Dalam kesempatan ini, Gede Melandrat, Kepala DLH Kabupaten Buleleng, menegaskan bahwa masalah sampah bukanlah hanya tanggung jawab pemerintah semata.
Partisipasi semua pihak, mulai dari pemerintah hingga masyarakat, menjadi kunci utama dalam menyelesaikan permasalahan ini. Melalui pengelolaan sampah yang terarah dan kreativitas dalam pengolahan, Melandrat menggarisbawahi pentingnya mengubah sampah menjadi barang bernilai.
Berdasarkan data yang berhasil dikumpulkan oleh DLH, setiap harinya Kabupaten Buleleng menghasilkan 153 kubik sampah, termasuk sampah organik dan anorganik.

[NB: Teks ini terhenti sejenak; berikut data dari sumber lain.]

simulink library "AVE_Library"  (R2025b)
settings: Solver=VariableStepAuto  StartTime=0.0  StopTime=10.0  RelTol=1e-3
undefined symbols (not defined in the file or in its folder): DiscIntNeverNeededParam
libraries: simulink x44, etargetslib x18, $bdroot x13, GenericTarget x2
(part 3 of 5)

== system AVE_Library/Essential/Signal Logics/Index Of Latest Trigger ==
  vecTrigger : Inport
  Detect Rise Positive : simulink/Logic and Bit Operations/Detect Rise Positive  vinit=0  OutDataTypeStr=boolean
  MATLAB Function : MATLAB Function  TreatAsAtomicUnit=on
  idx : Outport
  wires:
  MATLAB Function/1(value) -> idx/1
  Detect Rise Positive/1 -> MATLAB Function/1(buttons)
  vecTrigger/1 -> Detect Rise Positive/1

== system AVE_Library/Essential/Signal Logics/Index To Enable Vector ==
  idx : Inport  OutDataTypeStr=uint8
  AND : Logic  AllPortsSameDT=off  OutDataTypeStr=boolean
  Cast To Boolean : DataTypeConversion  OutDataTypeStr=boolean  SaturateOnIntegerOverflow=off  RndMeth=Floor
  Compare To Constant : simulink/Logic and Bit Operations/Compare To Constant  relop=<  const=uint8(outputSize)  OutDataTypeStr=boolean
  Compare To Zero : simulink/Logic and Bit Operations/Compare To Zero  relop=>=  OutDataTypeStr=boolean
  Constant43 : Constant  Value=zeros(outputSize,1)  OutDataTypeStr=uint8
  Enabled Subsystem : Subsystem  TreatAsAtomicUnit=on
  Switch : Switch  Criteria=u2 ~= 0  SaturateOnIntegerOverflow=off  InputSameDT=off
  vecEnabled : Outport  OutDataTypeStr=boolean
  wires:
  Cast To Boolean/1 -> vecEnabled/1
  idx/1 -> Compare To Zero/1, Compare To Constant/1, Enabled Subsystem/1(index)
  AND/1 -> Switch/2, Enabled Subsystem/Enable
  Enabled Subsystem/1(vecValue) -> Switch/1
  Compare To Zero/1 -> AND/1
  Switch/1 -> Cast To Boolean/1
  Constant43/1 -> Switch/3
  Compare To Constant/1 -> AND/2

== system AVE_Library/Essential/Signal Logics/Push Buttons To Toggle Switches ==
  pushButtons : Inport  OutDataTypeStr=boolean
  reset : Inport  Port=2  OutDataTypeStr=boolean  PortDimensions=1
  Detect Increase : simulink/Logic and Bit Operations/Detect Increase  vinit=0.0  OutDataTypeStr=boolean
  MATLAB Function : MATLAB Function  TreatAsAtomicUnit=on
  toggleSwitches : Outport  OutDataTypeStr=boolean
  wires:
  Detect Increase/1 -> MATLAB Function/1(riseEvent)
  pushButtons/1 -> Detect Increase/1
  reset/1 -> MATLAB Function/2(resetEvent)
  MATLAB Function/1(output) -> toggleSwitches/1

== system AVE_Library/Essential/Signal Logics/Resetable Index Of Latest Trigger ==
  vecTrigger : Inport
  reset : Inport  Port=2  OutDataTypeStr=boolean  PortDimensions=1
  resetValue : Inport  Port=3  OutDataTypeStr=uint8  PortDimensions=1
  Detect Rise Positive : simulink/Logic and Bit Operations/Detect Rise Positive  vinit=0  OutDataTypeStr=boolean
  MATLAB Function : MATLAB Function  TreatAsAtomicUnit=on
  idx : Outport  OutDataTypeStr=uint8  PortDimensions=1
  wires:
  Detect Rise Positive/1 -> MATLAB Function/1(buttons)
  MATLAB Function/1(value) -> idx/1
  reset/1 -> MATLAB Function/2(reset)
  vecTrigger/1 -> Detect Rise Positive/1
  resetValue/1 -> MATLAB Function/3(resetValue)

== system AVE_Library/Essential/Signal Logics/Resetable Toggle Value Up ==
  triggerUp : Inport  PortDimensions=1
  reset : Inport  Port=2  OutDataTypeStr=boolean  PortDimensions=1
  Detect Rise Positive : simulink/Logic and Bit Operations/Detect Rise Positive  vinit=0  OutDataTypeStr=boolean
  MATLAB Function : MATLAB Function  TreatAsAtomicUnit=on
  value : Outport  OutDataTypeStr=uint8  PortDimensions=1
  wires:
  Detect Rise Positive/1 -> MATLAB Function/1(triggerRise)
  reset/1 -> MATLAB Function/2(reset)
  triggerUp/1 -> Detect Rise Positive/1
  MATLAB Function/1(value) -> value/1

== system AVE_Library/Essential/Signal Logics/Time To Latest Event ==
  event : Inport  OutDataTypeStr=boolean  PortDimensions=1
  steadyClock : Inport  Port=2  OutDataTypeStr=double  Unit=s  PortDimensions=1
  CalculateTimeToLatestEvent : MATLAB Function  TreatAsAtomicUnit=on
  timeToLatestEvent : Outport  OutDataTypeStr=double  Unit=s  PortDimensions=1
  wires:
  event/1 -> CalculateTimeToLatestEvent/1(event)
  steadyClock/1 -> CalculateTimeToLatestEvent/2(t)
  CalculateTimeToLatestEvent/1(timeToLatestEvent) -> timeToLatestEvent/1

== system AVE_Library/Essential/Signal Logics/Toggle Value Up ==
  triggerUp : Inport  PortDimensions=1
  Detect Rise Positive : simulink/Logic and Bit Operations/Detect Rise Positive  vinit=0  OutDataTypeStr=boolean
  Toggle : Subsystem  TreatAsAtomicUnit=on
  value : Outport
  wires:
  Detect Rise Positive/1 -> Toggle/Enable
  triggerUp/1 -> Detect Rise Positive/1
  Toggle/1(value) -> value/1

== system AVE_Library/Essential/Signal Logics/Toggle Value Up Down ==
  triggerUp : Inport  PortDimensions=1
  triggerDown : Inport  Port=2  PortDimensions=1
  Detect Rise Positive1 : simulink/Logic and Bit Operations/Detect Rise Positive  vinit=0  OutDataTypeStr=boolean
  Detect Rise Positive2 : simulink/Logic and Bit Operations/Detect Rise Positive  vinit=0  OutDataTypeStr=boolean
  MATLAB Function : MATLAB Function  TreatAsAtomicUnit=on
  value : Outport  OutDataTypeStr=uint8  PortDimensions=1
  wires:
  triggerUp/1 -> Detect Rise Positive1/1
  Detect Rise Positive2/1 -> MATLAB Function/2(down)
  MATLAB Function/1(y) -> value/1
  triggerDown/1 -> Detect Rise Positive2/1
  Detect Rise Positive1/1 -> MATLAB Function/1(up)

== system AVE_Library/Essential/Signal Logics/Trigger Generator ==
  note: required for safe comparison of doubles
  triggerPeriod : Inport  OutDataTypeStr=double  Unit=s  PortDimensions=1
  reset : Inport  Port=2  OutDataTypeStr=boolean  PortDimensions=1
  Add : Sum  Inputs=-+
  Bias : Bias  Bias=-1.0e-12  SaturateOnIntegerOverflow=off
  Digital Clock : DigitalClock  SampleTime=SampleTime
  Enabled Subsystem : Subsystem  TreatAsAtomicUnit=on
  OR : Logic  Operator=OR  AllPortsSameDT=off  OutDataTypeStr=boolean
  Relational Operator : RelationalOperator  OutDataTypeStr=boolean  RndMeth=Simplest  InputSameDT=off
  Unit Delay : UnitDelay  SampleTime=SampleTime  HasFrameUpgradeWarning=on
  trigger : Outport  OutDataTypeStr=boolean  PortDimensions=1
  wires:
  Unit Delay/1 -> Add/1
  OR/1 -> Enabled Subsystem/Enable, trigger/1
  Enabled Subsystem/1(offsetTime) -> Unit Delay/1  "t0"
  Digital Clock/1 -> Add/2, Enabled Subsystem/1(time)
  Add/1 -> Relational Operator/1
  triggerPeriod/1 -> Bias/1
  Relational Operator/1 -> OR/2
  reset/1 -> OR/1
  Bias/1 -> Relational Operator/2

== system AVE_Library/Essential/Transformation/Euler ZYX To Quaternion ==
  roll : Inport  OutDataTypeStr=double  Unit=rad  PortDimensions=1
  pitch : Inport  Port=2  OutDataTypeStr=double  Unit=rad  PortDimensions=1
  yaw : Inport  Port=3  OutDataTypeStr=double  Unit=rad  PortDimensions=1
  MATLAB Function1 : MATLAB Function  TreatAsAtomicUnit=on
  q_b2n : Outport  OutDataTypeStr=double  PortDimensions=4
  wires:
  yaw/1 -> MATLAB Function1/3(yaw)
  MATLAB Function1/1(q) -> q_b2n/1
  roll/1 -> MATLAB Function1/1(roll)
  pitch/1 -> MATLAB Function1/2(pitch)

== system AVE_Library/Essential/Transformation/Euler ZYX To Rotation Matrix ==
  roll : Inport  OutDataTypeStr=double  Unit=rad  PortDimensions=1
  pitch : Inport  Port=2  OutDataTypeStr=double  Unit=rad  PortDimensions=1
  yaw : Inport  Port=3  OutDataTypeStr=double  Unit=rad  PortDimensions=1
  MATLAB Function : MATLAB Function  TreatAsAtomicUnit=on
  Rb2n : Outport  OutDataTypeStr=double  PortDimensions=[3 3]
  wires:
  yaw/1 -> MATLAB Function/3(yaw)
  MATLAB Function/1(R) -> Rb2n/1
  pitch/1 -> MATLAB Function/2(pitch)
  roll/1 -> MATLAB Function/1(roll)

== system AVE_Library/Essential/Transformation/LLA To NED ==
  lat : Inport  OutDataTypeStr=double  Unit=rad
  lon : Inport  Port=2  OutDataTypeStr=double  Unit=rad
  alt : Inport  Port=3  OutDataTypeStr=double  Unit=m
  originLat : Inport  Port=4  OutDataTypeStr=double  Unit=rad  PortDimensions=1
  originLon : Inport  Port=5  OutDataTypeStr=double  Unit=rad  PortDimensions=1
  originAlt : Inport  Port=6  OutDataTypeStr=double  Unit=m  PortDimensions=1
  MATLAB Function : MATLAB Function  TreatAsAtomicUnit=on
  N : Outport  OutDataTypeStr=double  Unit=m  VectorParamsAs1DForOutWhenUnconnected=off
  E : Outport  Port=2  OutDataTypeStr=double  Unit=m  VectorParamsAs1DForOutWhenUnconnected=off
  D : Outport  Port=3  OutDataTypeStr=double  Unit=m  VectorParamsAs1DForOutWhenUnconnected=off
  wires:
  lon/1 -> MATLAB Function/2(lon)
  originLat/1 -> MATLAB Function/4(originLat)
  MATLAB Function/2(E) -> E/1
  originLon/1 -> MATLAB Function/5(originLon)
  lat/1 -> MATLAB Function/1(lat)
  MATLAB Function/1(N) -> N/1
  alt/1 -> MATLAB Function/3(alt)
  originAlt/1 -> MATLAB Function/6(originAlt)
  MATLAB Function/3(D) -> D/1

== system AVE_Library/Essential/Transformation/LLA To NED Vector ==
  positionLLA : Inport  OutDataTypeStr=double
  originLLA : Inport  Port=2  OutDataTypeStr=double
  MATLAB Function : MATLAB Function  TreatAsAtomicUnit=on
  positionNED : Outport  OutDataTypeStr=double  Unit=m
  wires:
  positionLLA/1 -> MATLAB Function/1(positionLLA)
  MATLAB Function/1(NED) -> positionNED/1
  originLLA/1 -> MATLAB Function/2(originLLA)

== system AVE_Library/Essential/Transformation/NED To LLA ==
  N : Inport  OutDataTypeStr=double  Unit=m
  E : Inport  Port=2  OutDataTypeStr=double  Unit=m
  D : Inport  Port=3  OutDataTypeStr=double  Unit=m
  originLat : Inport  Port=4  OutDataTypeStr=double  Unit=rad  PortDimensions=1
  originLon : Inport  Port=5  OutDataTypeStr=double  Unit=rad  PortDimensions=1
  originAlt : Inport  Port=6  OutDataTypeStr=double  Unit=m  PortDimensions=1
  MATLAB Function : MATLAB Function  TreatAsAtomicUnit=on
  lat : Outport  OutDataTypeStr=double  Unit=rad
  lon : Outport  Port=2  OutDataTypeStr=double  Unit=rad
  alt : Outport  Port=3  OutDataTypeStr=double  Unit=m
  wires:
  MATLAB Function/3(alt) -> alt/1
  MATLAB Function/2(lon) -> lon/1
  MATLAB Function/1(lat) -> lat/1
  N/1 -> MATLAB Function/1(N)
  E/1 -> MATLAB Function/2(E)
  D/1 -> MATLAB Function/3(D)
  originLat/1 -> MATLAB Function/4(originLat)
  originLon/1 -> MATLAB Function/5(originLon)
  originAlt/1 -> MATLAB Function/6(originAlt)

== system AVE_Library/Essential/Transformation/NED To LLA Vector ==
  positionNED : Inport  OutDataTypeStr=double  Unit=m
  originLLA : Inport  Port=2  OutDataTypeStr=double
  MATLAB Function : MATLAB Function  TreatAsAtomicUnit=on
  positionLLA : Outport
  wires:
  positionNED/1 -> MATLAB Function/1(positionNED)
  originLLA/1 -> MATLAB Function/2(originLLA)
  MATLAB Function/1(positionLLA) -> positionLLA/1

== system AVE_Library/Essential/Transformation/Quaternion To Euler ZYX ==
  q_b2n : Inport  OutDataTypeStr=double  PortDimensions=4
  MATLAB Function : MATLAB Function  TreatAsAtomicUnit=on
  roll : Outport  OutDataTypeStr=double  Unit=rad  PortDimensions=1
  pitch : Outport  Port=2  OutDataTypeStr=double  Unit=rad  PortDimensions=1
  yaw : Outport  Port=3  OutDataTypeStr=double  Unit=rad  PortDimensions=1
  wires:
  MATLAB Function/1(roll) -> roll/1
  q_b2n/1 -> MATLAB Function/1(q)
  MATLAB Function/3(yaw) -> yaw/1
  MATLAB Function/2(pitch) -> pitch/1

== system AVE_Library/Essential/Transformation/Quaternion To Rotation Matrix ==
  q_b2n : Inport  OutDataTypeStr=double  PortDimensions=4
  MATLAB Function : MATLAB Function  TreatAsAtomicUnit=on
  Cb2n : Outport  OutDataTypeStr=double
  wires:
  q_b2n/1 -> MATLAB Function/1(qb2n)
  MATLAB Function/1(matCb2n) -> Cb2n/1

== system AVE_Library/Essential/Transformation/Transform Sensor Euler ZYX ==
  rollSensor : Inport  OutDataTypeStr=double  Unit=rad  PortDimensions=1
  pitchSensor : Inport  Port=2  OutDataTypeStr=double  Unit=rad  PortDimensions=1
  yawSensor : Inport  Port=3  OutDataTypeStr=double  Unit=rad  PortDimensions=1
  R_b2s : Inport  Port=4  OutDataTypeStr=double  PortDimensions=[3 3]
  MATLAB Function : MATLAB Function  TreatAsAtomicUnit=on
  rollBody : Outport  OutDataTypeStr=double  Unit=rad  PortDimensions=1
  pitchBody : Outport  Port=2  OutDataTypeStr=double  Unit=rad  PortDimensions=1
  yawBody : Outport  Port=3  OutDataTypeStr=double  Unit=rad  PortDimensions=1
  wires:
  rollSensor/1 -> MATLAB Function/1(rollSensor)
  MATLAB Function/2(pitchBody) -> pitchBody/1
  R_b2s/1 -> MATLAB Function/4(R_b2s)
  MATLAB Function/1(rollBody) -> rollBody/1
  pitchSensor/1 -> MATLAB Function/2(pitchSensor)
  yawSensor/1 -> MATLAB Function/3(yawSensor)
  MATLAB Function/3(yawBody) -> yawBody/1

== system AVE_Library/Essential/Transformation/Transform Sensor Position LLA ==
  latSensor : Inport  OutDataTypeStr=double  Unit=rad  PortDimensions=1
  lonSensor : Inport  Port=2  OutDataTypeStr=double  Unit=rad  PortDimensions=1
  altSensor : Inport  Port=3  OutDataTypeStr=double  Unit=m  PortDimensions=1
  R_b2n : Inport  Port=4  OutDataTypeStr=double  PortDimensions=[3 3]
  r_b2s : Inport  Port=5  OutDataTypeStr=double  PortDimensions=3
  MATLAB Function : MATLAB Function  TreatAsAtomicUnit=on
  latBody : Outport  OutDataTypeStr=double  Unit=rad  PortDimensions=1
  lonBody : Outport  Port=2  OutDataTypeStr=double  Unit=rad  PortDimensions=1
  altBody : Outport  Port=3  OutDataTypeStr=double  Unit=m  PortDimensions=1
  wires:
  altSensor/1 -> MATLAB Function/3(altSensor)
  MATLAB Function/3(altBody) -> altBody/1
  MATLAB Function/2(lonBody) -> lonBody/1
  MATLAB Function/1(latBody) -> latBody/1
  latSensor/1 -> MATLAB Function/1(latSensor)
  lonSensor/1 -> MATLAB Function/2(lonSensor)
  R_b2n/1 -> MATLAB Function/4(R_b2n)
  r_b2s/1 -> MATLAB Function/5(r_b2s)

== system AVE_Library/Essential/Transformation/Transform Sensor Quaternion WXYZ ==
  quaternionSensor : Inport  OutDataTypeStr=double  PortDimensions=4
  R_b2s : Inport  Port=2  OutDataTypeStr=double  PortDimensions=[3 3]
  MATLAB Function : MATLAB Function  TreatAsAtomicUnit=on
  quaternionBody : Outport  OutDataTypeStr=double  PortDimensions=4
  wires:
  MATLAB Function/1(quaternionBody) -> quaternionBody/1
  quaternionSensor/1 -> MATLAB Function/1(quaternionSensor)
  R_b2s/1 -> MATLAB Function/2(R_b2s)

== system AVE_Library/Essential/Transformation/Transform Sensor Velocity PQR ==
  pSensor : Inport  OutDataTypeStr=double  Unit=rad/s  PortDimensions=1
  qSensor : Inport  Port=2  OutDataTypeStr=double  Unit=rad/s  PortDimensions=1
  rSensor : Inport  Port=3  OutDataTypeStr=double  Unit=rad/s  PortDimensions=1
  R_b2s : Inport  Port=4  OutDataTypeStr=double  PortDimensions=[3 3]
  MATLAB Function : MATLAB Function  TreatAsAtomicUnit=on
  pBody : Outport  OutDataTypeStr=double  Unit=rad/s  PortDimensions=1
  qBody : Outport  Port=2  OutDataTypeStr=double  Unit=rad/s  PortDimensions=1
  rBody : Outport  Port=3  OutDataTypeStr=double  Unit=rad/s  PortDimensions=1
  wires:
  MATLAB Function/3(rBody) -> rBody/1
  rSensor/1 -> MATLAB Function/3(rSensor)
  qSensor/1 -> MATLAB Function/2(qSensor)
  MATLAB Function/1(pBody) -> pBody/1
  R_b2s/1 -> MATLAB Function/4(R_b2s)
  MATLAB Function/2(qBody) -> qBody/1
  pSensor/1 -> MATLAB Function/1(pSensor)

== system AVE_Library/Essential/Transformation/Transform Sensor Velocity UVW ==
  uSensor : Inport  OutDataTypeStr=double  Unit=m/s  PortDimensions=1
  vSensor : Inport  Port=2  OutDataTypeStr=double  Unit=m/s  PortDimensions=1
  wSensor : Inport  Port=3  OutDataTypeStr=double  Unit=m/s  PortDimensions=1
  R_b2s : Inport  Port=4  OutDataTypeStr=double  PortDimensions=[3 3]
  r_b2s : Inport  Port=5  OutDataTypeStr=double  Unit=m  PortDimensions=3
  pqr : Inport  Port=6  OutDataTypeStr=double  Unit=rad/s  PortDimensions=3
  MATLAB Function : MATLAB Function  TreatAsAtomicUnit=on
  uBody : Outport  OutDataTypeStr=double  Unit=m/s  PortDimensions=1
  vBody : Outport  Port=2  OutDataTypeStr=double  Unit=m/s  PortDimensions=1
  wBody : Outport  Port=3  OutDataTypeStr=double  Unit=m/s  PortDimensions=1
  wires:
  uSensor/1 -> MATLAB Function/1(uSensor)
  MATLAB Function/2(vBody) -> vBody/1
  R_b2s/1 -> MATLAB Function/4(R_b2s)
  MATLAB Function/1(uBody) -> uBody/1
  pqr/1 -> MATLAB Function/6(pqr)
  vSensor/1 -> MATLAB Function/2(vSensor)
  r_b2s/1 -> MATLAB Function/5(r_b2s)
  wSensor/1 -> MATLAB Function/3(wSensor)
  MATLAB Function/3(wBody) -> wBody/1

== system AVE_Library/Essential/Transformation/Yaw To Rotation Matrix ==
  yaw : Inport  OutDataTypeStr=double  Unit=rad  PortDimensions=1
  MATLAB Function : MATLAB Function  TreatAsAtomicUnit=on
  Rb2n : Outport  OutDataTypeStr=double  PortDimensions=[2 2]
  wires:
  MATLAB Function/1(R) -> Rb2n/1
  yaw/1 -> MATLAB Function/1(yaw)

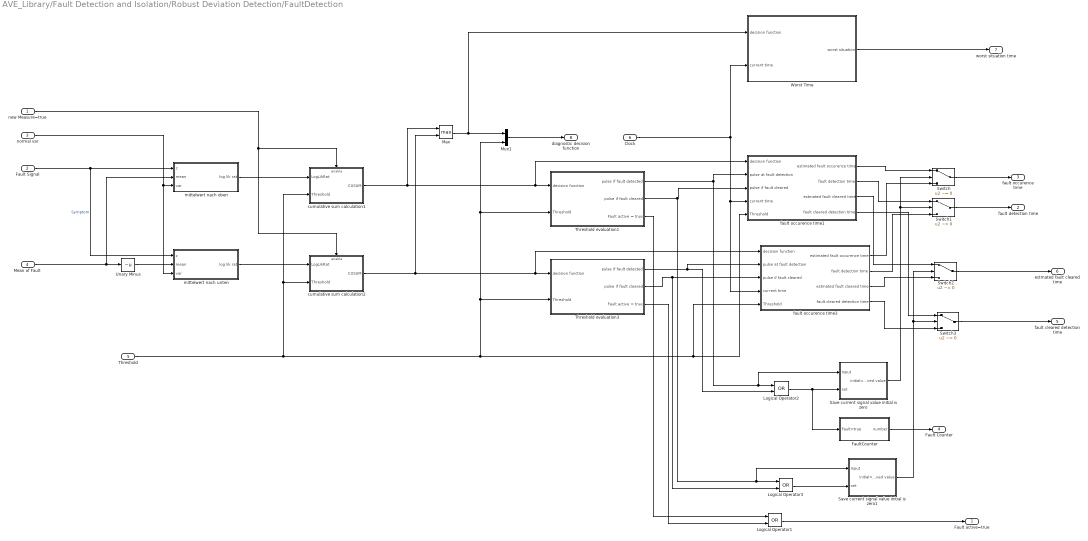
== system AVE_Library/Fault Detection and Isolation/Robust Deviation Detection/FaultDetection ==
  new Measure=true : Inport
  Fault Signal : Inport  Port=2
  normal var : Inport  Port=3
  Mean of Fault : Inport  Port=4
  Threshold : Inport  Port=5
  Clock : Inport  Port=6
  FaultCounter : Subsystem
  Logical Operator1 : Logic  Operator=OR  AllPortsSameDT=off  OutDataTypeStr=boolean
  Logical Operator2 : Logic  Operator=OR  AllPortsSameDT=off  OutDataTypeStr=boolean
  Logical Operator3 : Logic  Operator=OR  AllPortsSameDT=off  OutDataTypeStr=boolean
  Max : MinMax  Function=max  Inputs=2
  Mux1 : Mux  Inputs=2
  Save current signal value initial is zero : Subsystem  mask(save current signal value){}
      mask help:
      | If set is not zero, the input is feed throug to the output.
      | If set is zero, the output remains the last intput value when set was not zero.
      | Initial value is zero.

Dalam menghadapi masalah ini, Melandrat menegaskan bahwa penanganan sampah harus dimulai dari sumbernya. Langkah konkret telah diambil dengan meningkatkan jumlah bank sampah di seluruh lapisan masyarakat, dari desa hingga kelurahan, sekolah, perkantoran, dan tempat lainnya. Saat ini, tercatat sudah ada 301 bank sampah yang beroperasi di Kabupaten Buleleng, mencerminkan semangat gotong royong yang kuat.
“Menggunakan Bank Sampah, kita menyadari bersama bahwa sampah bisa memiliki nilai tambah, sehingga bisa menjadi sumber pendapatan tambahan,” ujar Melandrat.
Sementara itu, I Putu Adiptha Ekaputra, Kepala Dinas PUTR, berbicara tentang tindakan konkret yang diambil oleh dinasnya. Dalam upaya mengatasi masalah sampah plastik, Dinas PUTR berhasil mengamankan anggaran dari pusat untuk mendirikan Tempat Pengelolaan Sampah Reduce, Reuse, Recycle (TPS 3R), yang berjalan sejalan dengan Bank Sampah.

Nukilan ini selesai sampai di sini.